Si tratta di una tassa importante perché consente di far funzionare tutta vita cultuale del popolo di Israele, quindi ognuno doveva partecipare. Attenzione: non si sta parlando qui se sia o meno lecito pagare le tasse, come nel passo che riguarda il pagamento del tributo a Cesare, ma della tassa specifica per il tempio che riguarda solo gli ebrei e il funzionamento del loro culto.

Gesù invita Pietro a riflettere e la sua risposta consiste nel dire che la paga, ma che comunque non sarebbe obbligato a pagarla. Tuttavia la paga lo stesso per non scandalizzare nessuno. È una quantità di dati sufficiente per farci riflettere su diversi aspetti.

1. Gesù paga ma non sarebbe tenuto a pagare. Fa le cose per amore e non per dovere di legge.

Gli esattori delle tasse si rivolgono a Pietro perché sembra che a Caparnaum il gruppo dei discepoli abitasse in casa di Pietro, dunque è al padrone di casa che è opportuno rivolgersi. Pietro afferma che Gesù paga le tasse, quindi adempie i suoi doveri, ma Gesù lo invita a riflettere sul fatto che le tasse le pagano gli stranieri non i figli. Questo però significa che il rapporto che Gesù e anche i discepoli hanno con Dio non è un rapporto di estraneità, ma un rapporto di figliolanza. Sono figli e non hanno bisogno di pagare niente.

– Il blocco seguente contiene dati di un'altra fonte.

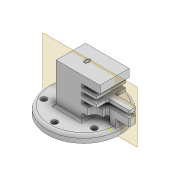
# Autodesk Inventor part: Plate_0_vertical
Saved by Autodesk Inventor 2022 (Build 260153000, 153)
## iProperties
Created: 2022-12-25
Part Number: Plate_0_vertical
Material: Generic
Document SubType Name: Modeling
Designer: dell
Density: 1 g/cm^3
Appearance: Default
Author: dell
Autodesk Inventor part; units mm, degrees
ref_plane "YZ Plane" through (0, 0, 0) normal (1, 0, 0) x (0, 1, 0)
ref_plane "XZ Plane" through (0, 0, 0) normal (0, 1, 0) x (-1, 0, 0)
sketch "Sketch1" plane through (0, 0, 0) normal (0, 1, 0) x (-1, 0, 0)
  circle A0 centre (0, 0) radius 50
  dimension "d0" = 100
  constraints: 1 centre point, 1 coincident
  measures "d0" diameter of A0
extrude "Extrusion1" add sketch "Sketch1" along normal blind 10
sketch "Sketch2" plane through (0, 10, 0) normal (0, 1, 0) x (1, 0, 0)
  circle A0 centre (-40, 0) radius 4.1
  circle A1 centre (0, 40) radius 4.1
  point P0 (0, 0)
  dimension "d3" = 8.2
  dimension "d4" = 40
  dimension "d47" = 8.2
  dimension "d48" = 40
  constraints: 2 centre point
  measures "d3" diameter of A0
  measures "d4" distance of point (0, 0) A0.centre
  measures "d47" diameter of A1
  measures "d48" distance of point (0, 0) A1.centre
extrude "Extrusion2" cut sketch "Sketch2" against normal blind 100 contours A1
pattern_circular "Circular Pattern2" count 6 over 360 about axis through (0, 0, 0) along (0, 1, 0) of "Extrusion2"
sketch "Sketch3" plane through (0, 10, 0) normal (0, 1, 0) x (1, 0, 0)
  line L0 (-17.5, 20) -> (17.5, 20)
  line L1 (17.5, 20) -> (17.5, -20)
  line L2 (17.5, -20) -> (-17.5, -20)
  line L3 (-17.5, -20) -> (-17.5, 20)
  line L4 (-17.5, 20) -> (17.5, -20) construction
  line L5 (17.5, 20) -> (-17.5, -20) construction
  point P0 (0, 0)
  dimension "d10" = 35
  dimension "d11" = 40
  constraints: 12 end point, 2 midpoint, 2 parallel, 1 horizontal, 1 perpendicular
  measures "d10" distance of L1.end L2.end
  measures "d11" distance of L0.end L1.end
extrude "Extrusion3" add sketch "Sketch3" along normal blind 55
sketch "Sketch5" plane through (17.5, 10, 20) normal (1, 0, 0) x (0, 0, -1)
  line L0 (0, 0) -> (0, 55) projected
  line L1 (40, 0) -> (40, 55) projected
  line L2 (0, 20) -> (40, 20)
  line L3 (40, 20) -> (40, 10)
  line L4 (40, 10) -> (0, 10)
  line L5 (0, 10) -> (0, 20)
  line L6 (70, 0) -> (-30, 0) projected
  line L7 (0, 0) -> (0, 55) projected
  line L8 (0, 25) -> (40, 25)
  line L9 (40, 25) -> (40, 30)
  line L10 (40, 30) -> (0, 30)
  line L11 (0, 30) -> (0, 25)
  line L12 (40, 0) -> (40, 55) projected
  line L13 (0, 39.2) -> (40, 39.2)
  line L14 (40, 39.2) -> (40, 35)
  line L15 (40, 35) -> (0, 35)
  line L16 (0, 35) -> (0, 39.2)
  line L17 (0, 44.2) -> (40, 44.2)
  line L18 (40, 0) -> (0, 0) projected
  line L19 (40, 0) -> (40, 55) projected
  line L20 (0, 55) -> (40, 55) projected
  line L21 (0, 0) -> (0, 55) projected
  point P0 (20, -10)
  point P1 (0, 10)
  point P2 (0, 44.2)
  point P3 (0, 35)
  point P4 (0, 39.2)
  point P5 (0, 30)
  point P6 (0, 25)
  dimension "d15" = 20
  dimension "d16" = 10
  dimension "d19" = 5
  dimension "d20" = 5
  dimension "d21" = 5
  dimension "d22" = 4.2
  dimension "d23" = 5
  constraints: 26 end point, 8 point on line, 6 parallel, 4 perpendicular, 3 horizontal
  measures "d15" distance between parallel lines of L6 L2
  measures "d16" distance between parallel lines of L2 L4
  measures "d19" distance between parallel lines of L8 L2
  measures "d20" distance between parallel lines of L8 L10
  measures "d21" distance between parallel lines of L10 L15
  measures "d22" distance between parallel lines of L15 L13
  measures "d23" distance between parallel lines of L13 L17
extrude "Extrusion4" add sketch "Sketch5" along normal blind 20 contours L0 L2 L1 L4 | L0 L10 L1 L8 | L0 L13 L1 L15 | L0 L20 L1 L17
sketch "Sketch7" plane through (37.5, 10, 20) normal (1, 0, 0) x (0, 0, -1)
  point P0 (20, -10)
sketch "Sketch6" plane through (37.5, 10, 20) normal (1, 0, 0) x (0, 0, -1)
  line L0 (40, 10) -> (40, 20) projected
  line L1 (40, 20) -> (0, 20) projected
  line L2 (0, 20) -> (0, 10) projected
  line L3 (0, 10) -> (40, 10) projected
  line L4 (0, 30) -> (0, 25) projected
  line L5 (0, 25) -> (40, 25) projected
  line L6 (40, 25) -> (40, 30) projected
  line L7 (40, 30) -> (0, 30) projected
  line L8 (40, 30) -> (0, 30) projected
  line L9 (15.5, 30) -> (24.5, 30)
  line L10 (24.5, 30) -> (24.5, 25)
  line L11 (24.5, 25) -> (15.5, 25)
  line L12 (15.5, 25) -> (15.5, 30)
  line L13 (40, 20) -> (0, 20) projected
  line L14 (15.5, 20) -> (24.5, 20)
  line L15 (24.5, 20) -> (24.5, 10)
  line L16 (24.5, 10) -> (15.5, 10)
  line L17 (15.5, 10) -> (15.5, 20)
  line L18 (20, -23) -> (20, 68) projected
  point P0 (20, -10)
  point P1 (24.5, 30)
  point P2 (15.5, 30)
  dimension "d24" = 9
  dimension "d25" = 9
  dimension "d26" = 4.5
  dimension "d27" = 4.5
  constraints: 16 end point, 4 parallel, 4 point on line, 2 horizontal, 2 perpendicular
  measures "d24" distance between parallel lines of L10 L12
  measures "d25" distance between parallel lines of L17 L15
  measures "d26" distance between parallel lines of L18 L12
  measures "d27" distance between parallel lines of L18 L17
extrude "Extrusion5" add sketch "Sketch6" along normal blind 30 contours L3 L18 L1 L15 | L3 L17 L1 L18 | L7 L18 L5 L12 | L7 L10 L5 L18
thicken "Thicken1" operation add thickness 0.2 both sides no extend neighbours yes toward (0, -1, 0) faces at (24.1667, 30, 1.5)
thicken "Thicken2" operation add thickness 0.2 both sides no extend neighbours yes toward (0, 1, 0) faces at (24.1667, 35, -1.5)
thicken "Thicken3" operation add thickness 0.2 both sides no extend neighbours yes toward (0, -1, 0) faces at (24.1667, 40, -1.5)
thicken "Thicken4" operation add thickness 0.2 both sides no extend neighbours yes toward (0, 1, 0) faces at (30.8333, 45, -6.6667)
thicken "Thicken5" operation add thickness 0.2 both sides no extend neighbours yes toward (0, -1, 0) faces at (30.8333, 49.2, 6.6667)
thicken "Thicken6" operation add thickness 0.2 both sides no extend neighbours yes toward (0, 1, 0) faces at (30.8333, 54.2, -6.6667)
fillet "Fillet1" radius 3 9 edges at (-17.5, 10, 0) (0, 10, -20) (17.5, 10, 0) (0, 10, 20) (17.5, 20, 0) (37.5, 24.9, -4.5) (37.5, 37.5, -4.5) (37.5, 37.5, 4.5) (37.5, 24.9, 4.5)
fillet "Fillet2" radius 1 4 edges at (67.5, 37.5, 4.5) (67.5, 24.9, 4.5) (67.5, 37.5, -4.5) (67.5, 24.9, -4.5)
fillet "Fillet3" radius 4 1 edges at (50, 10, 0)
sketch "Sketch8" plane through (0, 65, 0) normal (0, 1, 0) x (1, 0, 0)
  line L0 (1.8826, 4.2506) -> (22.2269, 4.2506) construction
  line L1 (22.2269, 4.2506) -> (22.2269, -9.3123) construction
  line L2 (22.2269, -9.3123) -> (1.8826, -9.3123) construction
  line L3 (1.8826, -9.3123) -> (1.8826, 4.2506) construction
  spline S0 degree 2 poles (7.445, 0.0885) (7.445, -2.0638) (6.1938, -4.08) (4.8907, -4.08) knots 0 0 0 1 2 2 2
  spline S1 degree 2 poles (4.8907, -4.08) (3.5682, -4.08) (2.3299, -2.0249) (2.3299, 0.082) knots 0 0 0 1 2 2 2
  spline S2 degree 2 poles (2.3299, 0.082) (2.3299, 2.2473) (3.5812, 4.2506) (4.8907, 4.2506) knots 0 0 0 1 2 2 2
  spline S3 degree 2 poles (4.8907, 4.2506) (6.2068, 4.2506) (7.445, 2.176) (7.445, 0.0885) knots 0 0 0 1 2 2 2
  spline S4 degree 2 poles (6.0706, -2.3491) (6.2262, -1.9536) (6.3559, -0.7348) (6.3559, 0.0885) knots 0 0 0 1 2 2 2
  spline S5 degree 2 poles (6.3559, 0.0885) (6.3559, 0.9118) (6.2262, 2.1242) (6.0641, 2.5326) knots 0 0 0 1 2 2 2
  spline S6 degree 2 poles (6.0641, 2.5326) (5.9021, 2.941) (5.3381, 3.3624) (4.8907, 3.3624) knots 0 0 0 1 2 2 2
  spline S7 degree 2 poles (4.8907, 3.3624) (4.4434, 3.3624) (3.8664, 2.941) (3.6979, 2.5196) knots 0 0 0 1 2 2 2
  spline S8 degree 2 poles (3.6979, 2.5196) (3.5358, 2.1112) (3.4191, 0.8665) (3.4191, 0.082) knots 0 0 0 1 2 2 2
  spline S9 degree 2 poles (3.4191, 0.082) (3.4191, -0.7608) (3.5228, -1.8888) (3.6914, -2.3296) knots 0 0 0 1 2 2 2
  spline S10 degree 2 poles (3.6914, -2.3296) (3.847, -2.7446) (4.424, -3.1919) (4.8907, -3.1919) knots 0 0 0 1 2 2 2
  spline S11 degree 2 poles (4.8907, -3.1919) (5.3316, -3.1919) (5.9086, -2.7705) (6.0706, -2.3491) knots 0 0 0 1 2 2 2
  point P0 (0, 0)
  constraints: 2 other
extrude "Extrusion6" cut sketch "Sketch8" against normal blind 1
sketch "Sketch9" plane through (20.5, 20, 20) normal (0, -1, 0) x (1, 0, 0)
  circle A0 centre (14.141, 0) radius 4.1 projected
  circle A1 centre (14.141, -40) radius 4.1 projected
  circle A2 centre (14.141, -40) radius 9.1
  circle A3 centre (14.141, 0) radius 9.1
  point P0 (-20.5, -20)
  dimension "d52" = 5
  dimension "d53" = 5
  constraints: 2 centre point
  measures "d52" radial gap between concentric circles of A1 A2
  measures "d53" radial gap between concentric circles of A0 A3
extrude "Extrusion7" cut sketch "Sketch9" against normal blind 10 contours A0 | A1 | A2 | A3
sketch "Sketch10" plane through (20.5, 20, -20) normal (0, -1, 0) x (1, 0, 0)
  arc A0 (5.041, 40) -> (17, 31.3608) centre (14.141, 40) ccw projected
  line L0 (0, 40) -> (5.041, 40) projected
  line L1 (0, 0) -> (0, 40) projected
  line L2 (0, 0) -> (5.041, 0) projected
  arc A1 (17, 8.6392) -> (5.041, 0) centre (14.141, 0) ccw projected
  line L3 (17, 12.5) -> (17, 8.6392) projected
  arc A2 (20, 15.5) -> (17, 12.5) centre (20, 12.5) ccw projected
  line L4 (20, 15.5) -> (46, 15.5) projected
  arc A3 (46, 15.5) -> (47, 16.5) centre (46, 16.5) ccw projected
  line L5 (47, 23.5) -> (47, 16.5) projected
  arc A4 (47, 23.5) -> (46, 24.5) centre (46, 23.5) ccw projected
  line L6 (20, 24.5) -> (46, 24.5) projected
  arc A5 (17, 27.5) -> (20, 24.5) centre (20, 27.5) ccw projected
  line L7 (17, 31.3608) -> (17, 27.5) projected
  line L8 (20, 15.5) -> (46, 15.5) projected
  line L9 (28.2667, 15.5) -> (20, 15.5)
  line L10 (20, 15.5) -> (20, 24.5)
  line L11 (20, 24.5) -> (28.2667, 24.5)
  line L12 (28.2667, 24.5) -> (28.2667, 15.5)
  point P0 (-20.5, 20)
  point P1 (20, 15.5)
  point P2 (28.2667, 15.5)
  constraints: 8 end point, 2 parallel, 2 point on line, 1 horizontal, 1 perpendicular
extrude "Extrusion8" add sketch "Sketch10" along normal blind 15 contours L6 L12 L4 L10
sketch "Sketch11" plane through (37.5, 10, 20) normal (1, 0, 0) x (0, 0, -1)
  line L0 (0, 55) -> (0, 44.4) projected
  line L1 (0, 44.4) -> (40, 44.4) projected
  line L2 (40, 44.4) -> (40, 55) projected
  line L3 (40, 55) -> (0, 55) projected
  point P0 (20, -10)
extrude "Extrusion9" add sketch "Sketch11" along normal blind 5
equation "\"d26\" = 0.5 * d24"
equation "\"d27\" = 0.5 * d25"
body "Solid1"

Questa semplice affermazione è molto importante per rovesciare l’intera concezione della religione costruitasi nel tempo. Un sistema di tributi, di doveri, di regole diversificate per regolamentare il rapporto con Dio. Molti studiosi hanno rilevato la natura economica di molti termini usati nella sfera religiosa: riscatto, debito, pagamento di un prezzo… Il paragone economico può essere usato in modo efficace visto l’attaccamento del cuore umano medio al denaro, ma spesso descrive anche una vera e propria patologia in cui tanti uomini incorrono nel rapportarsi alla divinità. Il sistema della relazione con Dio prende una vera e propria dimensione economica doppiamente perversa: da un lato mercifica Dio, rendendolo un partner commerciale del mondo spirituale; dall’altro crea delle false illusioni. Pietro ha risposto di sì, e si potrebbe facilmente pensare che tutto il problema dell’intrattenimento del culto si possa ridurre alla semplice azione di dare un contributo economico. Pagare delle decime, dare delle elemosine, versare la tassa al tempio.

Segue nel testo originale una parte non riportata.